Во-первых, мои родители развелись, когда мне было 6 лет. Во-вторых, я жила то с мамой, то с бабушкой-дедушкой.

– Это была травматичная история развода?

– Безусловно, травматичная. Они тяжело разводились. Потом так случилось, что у меня было искривление позвоночника, я год жила в интернате для детей со сколиозом. Потом я уехала к маме в Таллин, где мама служила в Театре русской драмы. А потом – стала жить с отцом.

При этом мне не то чтобы даже мешало, меня обижало страшно, что меня считали мажоркой вроде моего ныне близкого друга Феди Бондарчука, который для меня в те годы действительно был мажором.

– А вы – не были?

– Конечно, нет! Потому что родители мои – и мать, и отец – в силу тяжелых взаимоотношений с советской властью у обоих были людьми бедными. У отца вечно то закрывали сценарий, то клали картину на полку. А мама моя замечательная в свое время сказала о себе – точнее не скажешь! – что при любой власти ее зарплата в театре ровно на 10 % ниже, чем стоимость хороших зимних сапог. И это было чистой правдой.

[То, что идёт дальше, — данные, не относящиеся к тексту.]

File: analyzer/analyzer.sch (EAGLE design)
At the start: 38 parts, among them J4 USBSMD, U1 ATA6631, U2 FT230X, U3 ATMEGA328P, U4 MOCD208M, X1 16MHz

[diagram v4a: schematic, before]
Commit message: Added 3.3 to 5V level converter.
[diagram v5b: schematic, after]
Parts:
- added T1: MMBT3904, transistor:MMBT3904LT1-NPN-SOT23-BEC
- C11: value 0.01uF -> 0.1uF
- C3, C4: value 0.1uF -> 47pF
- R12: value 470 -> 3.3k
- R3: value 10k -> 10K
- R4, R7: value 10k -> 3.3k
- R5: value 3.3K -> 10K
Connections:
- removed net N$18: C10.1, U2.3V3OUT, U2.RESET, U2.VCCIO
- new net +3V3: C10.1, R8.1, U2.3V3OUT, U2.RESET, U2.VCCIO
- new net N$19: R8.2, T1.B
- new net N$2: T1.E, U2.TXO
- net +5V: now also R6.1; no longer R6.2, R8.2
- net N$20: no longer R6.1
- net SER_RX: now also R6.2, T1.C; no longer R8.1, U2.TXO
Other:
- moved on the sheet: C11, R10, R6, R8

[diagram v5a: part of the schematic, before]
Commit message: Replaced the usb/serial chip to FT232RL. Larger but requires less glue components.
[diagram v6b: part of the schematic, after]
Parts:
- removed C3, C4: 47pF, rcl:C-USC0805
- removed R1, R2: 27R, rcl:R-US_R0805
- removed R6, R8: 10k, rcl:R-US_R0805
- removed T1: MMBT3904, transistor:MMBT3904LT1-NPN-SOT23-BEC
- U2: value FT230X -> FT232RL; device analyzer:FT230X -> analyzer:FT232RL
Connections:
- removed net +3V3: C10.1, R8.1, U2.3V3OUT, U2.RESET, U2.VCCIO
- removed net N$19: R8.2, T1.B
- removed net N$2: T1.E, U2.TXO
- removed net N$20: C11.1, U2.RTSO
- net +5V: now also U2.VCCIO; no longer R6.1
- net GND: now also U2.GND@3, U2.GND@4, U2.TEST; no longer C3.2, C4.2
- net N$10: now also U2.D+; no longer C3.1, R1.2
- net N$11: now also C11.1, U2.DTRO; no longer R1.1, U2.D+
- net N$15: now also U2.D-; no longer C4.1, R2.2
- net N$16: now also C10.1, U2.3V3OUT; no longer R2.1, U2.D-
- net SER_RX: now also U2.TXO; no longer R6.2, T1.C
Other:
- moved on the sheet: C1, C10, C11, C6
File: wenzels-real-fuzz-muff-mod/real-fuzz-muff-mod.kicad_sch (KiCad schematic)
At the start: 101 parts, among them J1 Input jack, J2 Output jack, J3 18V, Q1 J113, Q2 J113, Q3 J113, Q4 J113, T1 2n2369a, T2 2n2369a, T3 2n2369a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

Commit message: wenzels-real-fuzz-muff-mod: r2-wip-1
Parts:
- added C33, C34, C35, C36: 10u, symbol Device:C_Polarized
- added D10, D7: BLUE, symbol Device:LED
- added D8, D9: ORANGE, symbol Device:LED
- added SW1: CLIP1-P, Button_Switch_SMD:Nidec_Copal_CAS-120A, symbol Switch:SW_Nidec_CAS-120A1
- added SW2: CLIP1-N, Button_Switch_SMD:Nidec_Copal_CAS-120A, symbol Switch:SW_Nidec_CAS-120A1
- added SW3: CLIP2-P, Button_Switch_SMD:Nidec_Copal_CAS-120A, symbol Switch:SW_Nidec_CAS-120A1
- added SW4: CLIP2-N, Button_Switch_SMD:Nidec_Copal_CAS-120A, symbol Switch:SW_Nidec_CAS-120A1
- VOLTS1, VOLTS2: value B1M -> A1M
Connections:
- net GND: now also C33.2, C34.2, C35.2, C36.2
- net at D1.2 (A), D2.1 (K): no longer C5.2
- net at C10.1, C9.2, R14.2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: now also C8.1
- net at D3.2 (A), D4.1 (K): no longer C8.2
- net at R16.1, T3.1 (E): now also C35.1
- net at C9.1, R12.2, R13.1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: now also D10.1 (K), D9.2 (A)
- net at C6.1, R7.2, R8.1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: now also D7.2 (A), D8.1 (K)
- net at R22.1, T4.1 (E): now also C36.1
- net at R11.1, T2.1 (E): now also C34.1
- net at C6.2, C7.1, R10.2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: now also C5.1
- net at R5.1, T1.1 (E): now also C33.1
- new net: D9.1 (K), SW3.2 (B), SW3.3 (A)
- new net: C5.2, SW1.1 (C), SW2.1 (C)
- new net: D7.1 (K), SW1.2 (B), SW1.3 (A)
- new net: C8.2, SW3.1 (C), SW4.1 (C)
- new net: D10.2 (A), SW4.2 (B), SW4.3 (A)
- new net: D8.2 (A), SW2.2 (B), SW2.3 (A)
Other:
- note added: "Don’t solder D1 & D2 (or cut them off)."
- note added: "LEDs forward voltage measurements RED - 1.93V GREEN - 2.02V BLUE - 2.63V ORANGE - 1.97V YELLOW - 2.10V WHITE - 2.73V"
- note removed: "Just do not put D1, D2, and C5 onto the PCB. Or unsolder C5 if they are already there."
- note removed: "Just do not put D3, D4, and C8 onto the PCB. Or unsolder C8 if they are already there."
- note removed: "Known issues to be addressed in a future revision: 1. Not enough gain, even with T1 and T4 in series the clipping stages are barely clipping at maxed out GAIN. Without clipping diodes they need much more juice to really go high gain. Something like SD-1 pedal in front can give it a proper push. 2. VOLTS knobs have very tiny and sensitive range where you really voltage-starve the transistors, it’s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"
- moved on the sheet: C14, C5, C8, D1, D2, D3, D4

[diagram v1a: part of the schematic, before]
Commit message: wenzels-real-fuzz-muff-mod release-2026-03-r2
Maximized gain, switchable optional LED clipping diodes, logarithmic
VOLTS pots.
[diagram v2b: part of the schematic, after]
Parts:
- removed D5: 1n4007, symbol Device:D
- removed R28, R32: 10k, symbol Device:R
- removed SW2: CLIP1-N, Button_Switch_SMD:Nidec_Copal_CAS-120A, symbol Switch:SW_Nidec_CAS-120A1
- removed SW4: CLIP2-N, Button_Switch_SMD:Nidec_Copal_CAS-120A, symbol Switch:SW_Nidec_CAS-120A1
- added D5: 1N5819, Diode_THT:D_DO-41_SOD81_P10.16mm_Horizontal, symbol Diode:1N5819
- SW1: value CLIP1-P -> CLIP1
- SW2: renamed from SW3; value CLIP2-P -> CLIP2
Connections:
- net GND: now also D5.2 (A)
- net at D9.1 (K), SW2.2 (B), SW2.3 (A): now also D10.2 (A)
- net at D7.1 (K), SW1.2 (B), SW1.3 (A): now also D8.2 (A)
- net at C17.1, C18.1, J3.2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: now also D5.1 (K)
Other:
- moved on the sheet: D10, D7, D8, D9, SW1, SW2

Для меня джинсы или кроссовки были таким же безумным мечтанием, как и для всех остальных советских детей.

– Прямо мечтанием?

– Абсолютно! У меня в классе учился мальчик, у которого папа работал в Торговой палате, и у него были ластики цветные иностранные, которые пахли, как я сейчас понимаю, химией, а тогда казалось, малиной или клубникой. У него были наклейки, которые можно было на обложку дневника наклеить. Я уже не говорю про фломастеры. Фломастеров не было. А я очень хотела фломастеры. Но это не в том смысле, что я была бедная-несчастная девочка, а в том, что для меня мажорами были те, у кого были фломастеры, джинсы и кроссовки «Адидас» с тремя полосками.

– Но в интеллигентных советских семьях всегда отрицался культ материального.

– Может, он и отрицался, но когда мы с мамой жили в Таллине, там была регата в рамках Олимпиады-80. И к этой регате эстонская кондитерская фабрика «Калев» стала выпускать жвачку двух видов – мятную и апельсиновую. И это… ну как вам сказать? Это просто был взрыв мозга и абсолютное счастье. У апельсиновой этой жвачки вкус пропадал примерно секунд через тридцать, но ощущение счастья не пропадало. Но, еще раз, это не мои жалобы на бедное советское детство. Это мой спор с теми, кто приписывает мне какое-нибудь эдакое детство, проведенное на Николиной горе.